— EXERCISE OBJECTIVE —
What lines of the data hold the string "along"? Copy them all.

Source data
◇ ◇ ◇ ◇ ◇ ◇ ◇
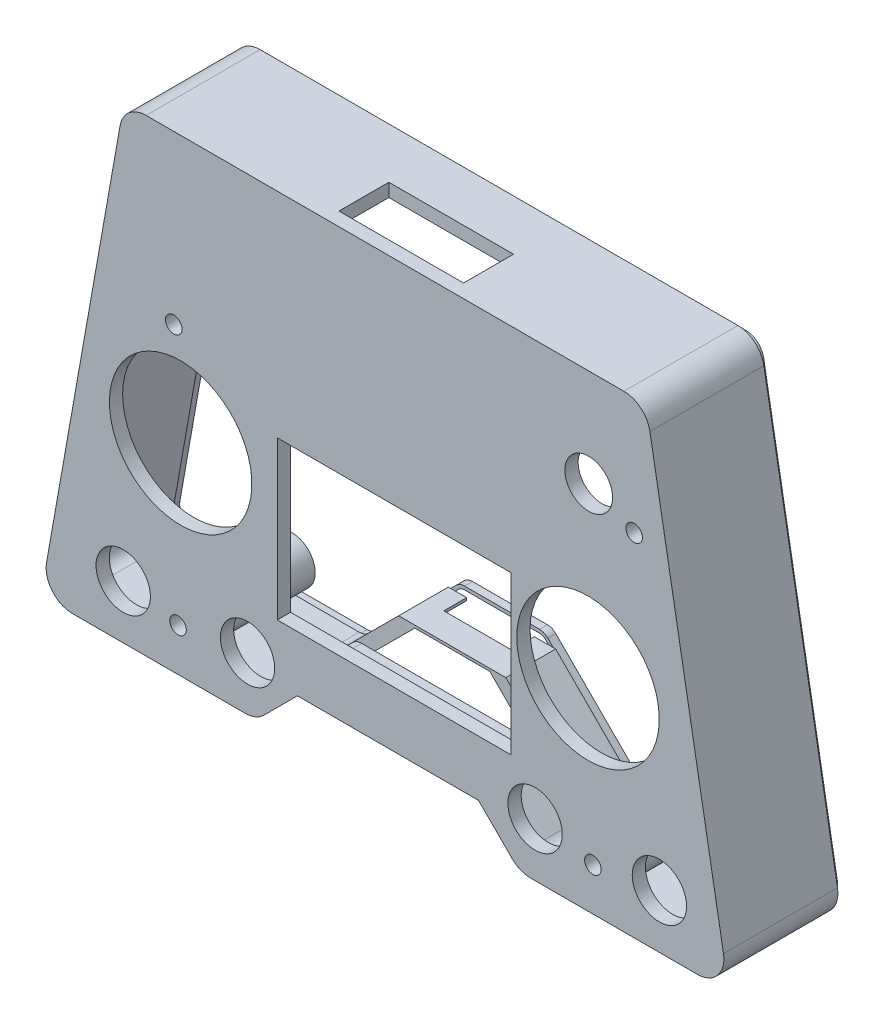
SolidWorks part; units mm, degrees
ref_plane "前视基准面" through (0, 0, 0) normal (0, 0, 1) x (1, 0, 0)
ref_plane "上视基准面" through (0, 0, 0) normal (0, 1, 0) x (1, 0, 0)
ref_plane "右视基准面" through (0, 0, 0) normal (1, 0, 0) x (0, 0, -1)
other "Configuration Table"
sketch "草图1" plane through (0, 0, 0) normal (0, 0, 1) x (1, 0, 0)
  line L0 (-11.561, 23.55) -> (-22.663, -39.125)
  line L1 (-18.737, -43.807) -> (7.32, -43.807)
  line L2 (10.139, -42.64) -> (23.192, -29.587)
  line L3 (23.201, -29.583) -> (34.512, -29.583)
  line L4 (34.521, -29.587) -> (47.574, -42.64)
  line L5 (50.393, -43.807) -> (75.552, -43.807)
  line L6 (79.479, -39.125) -> (68.376, 23.55)
  line L7 (64.45, 26.842) -> (-7.635, 26.842)
  arc A0 (-7.635, 26.842) -> (-11.561, 23.55) centre (-7.635, 22.855) ccw
  arc A1 (-22.663, -39.125) -> (-18.737, -43.807) centre (-18.737, -39.82) ccw
  arc A2 (7.32, -43.807) -> (10.139, -42.64) centre (7.3205, -39.8198) ccw
  arc A3 (23.192, -29.587) -> (23.201, -29.583) centre (23.2013, -29.5959) cw
  arc A4 (34.512, -29.583) -> (34.521, -29.587) centre (34.5117, -29.5959) cw
  arc A5 (47.574, -42.64) -> (50.393, -43.807) centre (50.3925, -39.8198) ccw
  arc A6 (75.552, -43.807) -> (79.479, -39.125) centre (75.5524, -39.8195) ccw
  arc A7 (68.376, 23.55) -> (64.45, 26.842) centre (64.45, 22.855) ccw
extrude "上壳外形_高17.2" add sketch "草图1" along normal blind 17.2
sketch "草图2" plane through (0, 0, 0) normal (0, 0, 1) x (1, 0, 0)
  line L0 (-11.561, 23.55) -> (-22.663, -39.125)
  line L1 (-18.737, -43.807) -> (7.32, -43.807)
  line L2 (10.139, -42.64) -> (15.192, -37.587)
  line L3 (15.201, -37.583) -> (42.512, -37.583)
  line L4 (42.521, -37.587) -> (47.574, -42.64)
  line L5 (50.393, -43.807) -> (75.552, -43.807)
  line L6 (79.479, -39.125) -> (68.376, 23.55)
  line L7 (64.45, 26.842) -> (-7.635, 26.842)
  arc A0 (-7.635, 26.842) -> (-11.561, 23.55) centre (-7.635, 22.855) ccw
  arc A1 (-22.663, -39.125) -> (-18.737, -43.807) centre (-18.737, -39.82) ccw
  arc A2 (7.32, -43.807) -> (10.139, -42.64) centre (7.3205, -39.8198) ccw
  arc A3 (15.192, -37.587) -> (15.201, -37.583) centre (15.2013, -37.5959) cw
  arc A4 (42.512, -37.583) -> (42.521, -37.587) centre (42.5117, -37.5959) cw
  arc A5 (47.574, -42.64) -> (50.393, -43.807) centre (50.3925, -39.8198) ccw
  arc A6 (75.552, -43.807) -> (79.479, -39.125) centre (75.5524, -39.8195) ccw
  arc A7 (68.376, 23.55) -> (64.45, 26.842) centre (64.45, 22.855) ccw
extrude "OLED前伸罩_下部避让USB" add sketch "草图2" along normal blind 9.7 from offset 7.5
sketch "草图3" plane through (0, 0, 0) normal (0, 0, 1) x (1, 0, 0)
  line L0 (-9.591, 23.202) -> (-20.693, -39.473)
  line L1 (-18.737, -41.807) -> (7.32, -41.807)
  line L2 (8.725, -41.226) -> (21.778, -28.173)
  line L3 (23.201, -27.583) -> (34.512, -27.583)
  line L4 (35.935, -28.173) -> (48.988, -41.226)
  line L5 (50.393, -41.807) -> (75.552, -41.807)
  line L6 (77.509, -39.473) -> (66.406, 23.202)
  line L7 (64.45, 24.842) -> (-7.635, 24.842)
  arc A0 (-7.635, 24.842) -> (-9.591, 23.202) centre (-7.6347, 22.8552) ccw
  arc A1 (-20.693, -39.473) -> (-18.737, -41.807) centre (-18.7368, -39.8202) ccw
  arc A2 (7.32, -41.807) -> (8.725, -41.226) centre (7.3208, -39.8197) ccw
  arc A3 (21.778, -28.173) -> (23.201, -27.583) centre (23.2017, -29.5957) cw
  arc A4 (34.512, -27.583) -> (35.935, -28.173) centre (34.5113, -29.5957) cw
  arc A5 (48.988, -41.226) -> (50.393, -41.807) centre (50.3922, -39.8197) ccw
  arc A6 (75.552, -41.807) -> (77.509, -39.473) centre (75.5522, -39.8197) ccw
  arc A7 (66.406, 23.202) -> (64.45, 24.842) centre (64.4497, 22.8552) ccw
extrude "内部腔体_壁厚2.0" cut sketch "草图3" along normal blind 15.2
sketch "草图4" plane through (0, 0, 0) normal (0, 0, 1) x (1, 0, 0)
  line L0 (-9.591, 23.202) -> (-20.693, -39.473)
  line L1 (-18.737, -41.807) -> (7.32, -41.807)
  line L2 (8.725, -41.226) -> (13.778, -36.173)
  line L3 (15.201, -35.583) -> (42.512, -35.583)
  line L4 (43.935, -36.173) -> (48.988, -41.226)
  line L5 (50.393, -41.807) -> (75.552, -41.807)
  line L6 (77.509, -39.473) -> (66.406, 23.202)
  line L7 (64.45, 24.842) -> (-7.635, 24.842)
  arc A0 (-7.635, 24.842) -> (-9.591, 23.202) centre (-7.6347, 22.8552) ccw
  arc A1 (-20.693, -39.473) -> (-18.737, -41.807) centre (-18.7368, -39.8202) ccw
  arc A2 (7.32, -41.807) -> (8.725, -41.226) centre (7.3208, -39.8197) ccw
  arc A3 (13.778, -36.173) -> (15.201, -35.583) centre (15.2017, -37.5957) cw
  arc A4 (42.512, -35.583) -> (43.935, -36.173) centre (42.5113, -37.5957) cw
  arc A5 (48.988, -41.226) -> (50.393, -41.807) centre (50.3922, -39.8197) ccw
  arc A6 (75.552, -41.807) -> (77.509, -39.473) centre (75.5522, -39.8197) ccw
  arc A7 (66.406, 23.202) -> (64.45, 24.842) centre (64.4497, 22.8552) ccw
extrude "OLED前伸内腔" cut sketch "草图4" along normal blind 7.7 from offset 7.5
sketch "草图5" plane through (0, 0, 0) normal (0, 0, 1) x (1, 0, 0)
  circle A0 centre (-3.469, 1.614) radius 2.5
  circle A1 centre (66, 9.107) radius 2.5
  circle A2 centre (-2.822, -37.375) radius 3.5
  circle A3 centre (59.778, -37.375) radius 3.5
extrude "螺钉柱_对齐底壳" add sketch "草图5" along normal blind 17.2
sketch "草图6" plane through (0, 0, 0) normal (0, 0, 1) x (1, 0, 0)
  circle A0 centre (-3.469, 1.614) radius 1.25
  circle A1 centre (66, 9.107) radius 1.25
  circle A2 centre (-2.822, -37.375) radius 1.25
  circle A3 centre (59.778, -37.375) radius 1.25
extrude "M3自攻底孔_直径2.5" cut sketch "草图6" along normal through all
sketch "草图7" plane through (0, 0, 0) normal (0, 0, 1) x (1, 0, 0)
  line L0 (79.479, -39.125) -> (68.376, 23.55) construction
  line L1 (66, 7.857) -> (70.7132, 7.857)
  line L2 (66, 7.857) -> (66, 10.357)
  line L3 (66, 10.357) -> (70.7132, 10.357)
  line L4 (70.7132, 7.857) -> (70.7132, 10.357)
  circle A0 centre (66, 9.107) radius 1.25 construction
extrude "右后螺钉柱侧向加强筋" add sketch "草图7" along normal blind 12.2 from offset 5
sketch "草图8" plane through (0, 0, 0) normal (0, 0, 1) x (1, 0, 0)
  circle A0 centre (59.353, 11.774) radius 6.2
extrude "拨杆开关螺母避让槽" cut sketch "草图8" along normal blind 5 from offset 9.9
sketch "草图9" plane through (0, 0, 0) normal (0, 0, 1) x (1, 0, 0)
  circle A0 centre (66, 9.107) radius 1.25
extrude "加强筋处螺钉底孔" cut sketch "草图9" along normal through all
sketch "草图10" plane through (0, 0, 0) normal (0, 0, 1) x (1, 0, 0)
  circle A0 centre (-2.427, -13.356) radius 10.75
  circle A1 centre (59.041, -13.356) radius 10.75
  circle A2 centre (-11.089, -35.723) radius 4.1
  circle A3 centre (7.669, -35.723) radius 4.1
  circle A4 centre (51.053, -35.723) radius 4.1
  circle A5 centre (69.81, -35.723) radius 4.1
  circle A6 centre (59.147, 12.097) radius 3.6
extrude "FrontPanel_Control_Openings" cut sketch "草图10" along normal through all
sketch "草图11" plane through (0, 0, 0) normal (0, 0, 1) x (1, 0, 0)
  line L1 (12.155, -29.185) -> (47.455, -29.185)
  line L2 (12.155, -29.185) -> (12.155, -5.385)
  line L3 (12.155, -5.385) -> (47.455, -5.385)
  line L4 (47.455, -29.185) -> (47.455, -5.385)
extrude "OLED_0p96_From_Header_Toward_TypeC" cut sketch "草图11" along normal through all
sketch "草图12" plane through (0, -29.583, 0) normal (0, -1, 0) x (1, 0, 0)
  line L0 (23.534, -1.55) -> (33.734, -1.55)
  line L1 (33.734, -1.55) -> (33.734, 3.45)
  line L2 (33.734, 3.45) -> (23.534, 3.45)
  line L3 (23.534, 3.45) -> (23.534, -1.55)
extrude "USB_TypeC_Side_Opening" cut sketch "草图12" against normal blind 4
sketch "草图13" plane through (-15.2539, 2.702, 0) normal (-0.9847, 0.1744, 0) x (0, 0, 1)
  line L0 (1, 14.6424) -> (1, 7.9925)
  line L1 (1, 7.9925) -> (5.6, 7.9925)
  line L2 (5.6, 7.9925) -> (5.6, 14.6424)
  line L3 (5.6, 14.6424) -> (1, 14.6424)
extrude "SW13_Toggle_Left_Side_Opening_2026-09-13_OBJ" cut sketch "草图13" against normal blind 4
sketch "草图14" plane through (0, 26.842, 0) normal (0, 1, 0) x (1, 0, 0)
  line L0 (19.41, -7.62) -> (38.21, -7.62)
  line L1 (38.21, -7.62) -> (38.21, -15.15)
  line L2 (38.21, -15.15) -> (19.41, -15.15)
  line L3 (19.41, -15.15) -> (19.41, -7.62)
extrude "NRF24_Corrected_2026-09-13_Rear_Opening" cut sketch "草图14" against normal blind 4
sketch "草图15" plane through (0, 0, 0) normal (0, 0, 1) x (1, 0, 0)
  line L0 (-10.3298, 23.3325) -> (-21.4318, -39.3425)
  line L1 (-18.737, -42.557) -> (7.32, -42.557)
  line L2 (9.2553, -41.7563) -> (22.3083, -28.7032)
  line L3 (23.201, -28.333) -> (34.512, -28.333)
  line L4 (35.4047, -28.7032) -> (48.4578, -41.7563)
  line L5 (50.393, -42.557) -> (75.552, -42.557)
  line L6 (78.2478, -39.3425) -> (67.1448, 23.3325)
  line L7 (64.45, 25.592) -> (-7.635, 25.592)
  line L8 (-9.8373, 23.2455) -> (-20.9393, -39.4295)
  line L9 (-18.737, -42.057) -> (7.32, -42.057)
  line L10 (8.9018, -41.4027) -> (21.9547, -28.3498)
  line L11 (23.201, -27.833) -> (34.512, -27.833)
  line L12 (35.7583, -28.3498) -> (48.8113, -41.4027)
  line L13 (50.393, -42.057) -> (75.552, -42.057)
  line L14 (77.7553, -39.4295) -> (66.6523, 23.2455)
  line L15 (64.45, 25.092) -> (-7.635, 25.092)
  arc A0 (-7.635, 25.592) -> (-10.3298, 23.3325) centre (-7.6348, 22.8551) ccw
  arc A1 (-21.4318, -39.3425) -> (-18.737, -42.557) centre (-18.7369, -39.8201) ccw
  arc A2 (7.32, -42.557) -> (9.2553, -41.7563) centre (7.3207, -39.8197) ccw
  arc A3 (22.3083, -28.7032) -> (23.201, -28.333) centre (23.2016, -29.5958) cw
  arc A4 (34.512, -28.333) -> (35.4047, -28.7032) centre (34.5114, -29.5958) cw
  arc A5 (48.4578, -41.7563) -> (50.393, -42.557) centre (50.3923, -39.8197) ccw
  arc A6 (75.552, -42.557) -> (78.2478, -39.3425) centre (75.5523, -39.8196) ccw
  arc A7 (67.1448, 23.3325) -> (64.45, 25.592) centre (64.4498, 22.8551) ccw
  arc A8 (-7.635, 25.092) -> (-9.8373, 23.2455) centre (-7.6348, 22.8552) ccw
  arc A9 (-20.9393, -39.4295) -> (-18.737, -42.057) centre (-18.7368, -39.8202) ccw
  arc A10 (7.32, -42.057) -> (8.9018, -41.4027) centre (7.3208, -39.8197) ccw
  arc A11 (21.9547, -28.3498) -> (23.201, -27.833) centre (23.2016, -29.5957) cw
  arc A12 (34.512, -27.833) -> (35.7583, -28.3498) centre (34.5114, -29.5957) cw
  arc A13 (48.8113, -41.4027) -> (50.393, -42.057) centre (50.3922, -39.8197) ccw
  arc A14 (75.552, -42.057) -> (77.7553, -39.4295) centre (75.5522, -39.8197) ccw
  arc A15 (66.6523, 23.2455) -> (64.45, 25.092) centre (64.4498, 22.8552) ccw
extrude "内定位舌_避让最新PCB_0.25" add sketch "草图15" against normal blind 1.2
◇ ◇ ◇ ◇ ◇ ◇ ◇
— WRITTEN SOLUTION —
extrude "上壳外形_高17.2" add sketch "草图1" along normal blind 17.2
extrude "OLED前伸罩_下部避让USB" add sketch "草图2" along normal blind 9.7 from offset 7.5
extrude "内部腔体_壁厚2.0" cut sketch "草图3" along normal blind 15.2
extrude "OLED前伸内腔" cut sketch "草图4" along normal blind 7.7 from offset 7.5
extrude "螺钉柱_对齐底壳" add sketch "草图5" along normal blind 17.2
extrude "M3自攻底孔_直径2.5" cut sketch "草图6" along normal through all
extrude "右后螺钉柱侧向加强筋" add sketch "草图7" along normal blind 12.2 from offset 5
extrude "拨杆开关螺母避让槽" cut sketch "草图8" along normal blind 5 from offset 9.9
extrude "加强筋处螺钉底孔" cut sketch "草图9" along normal through all
extrude "FrontPanel_Control_Openings" cut sketch "草图10" along normal through all
extrude "OLED_0p96_From_Header_Toward_TypeC" cut sketch "草图11" along normal through all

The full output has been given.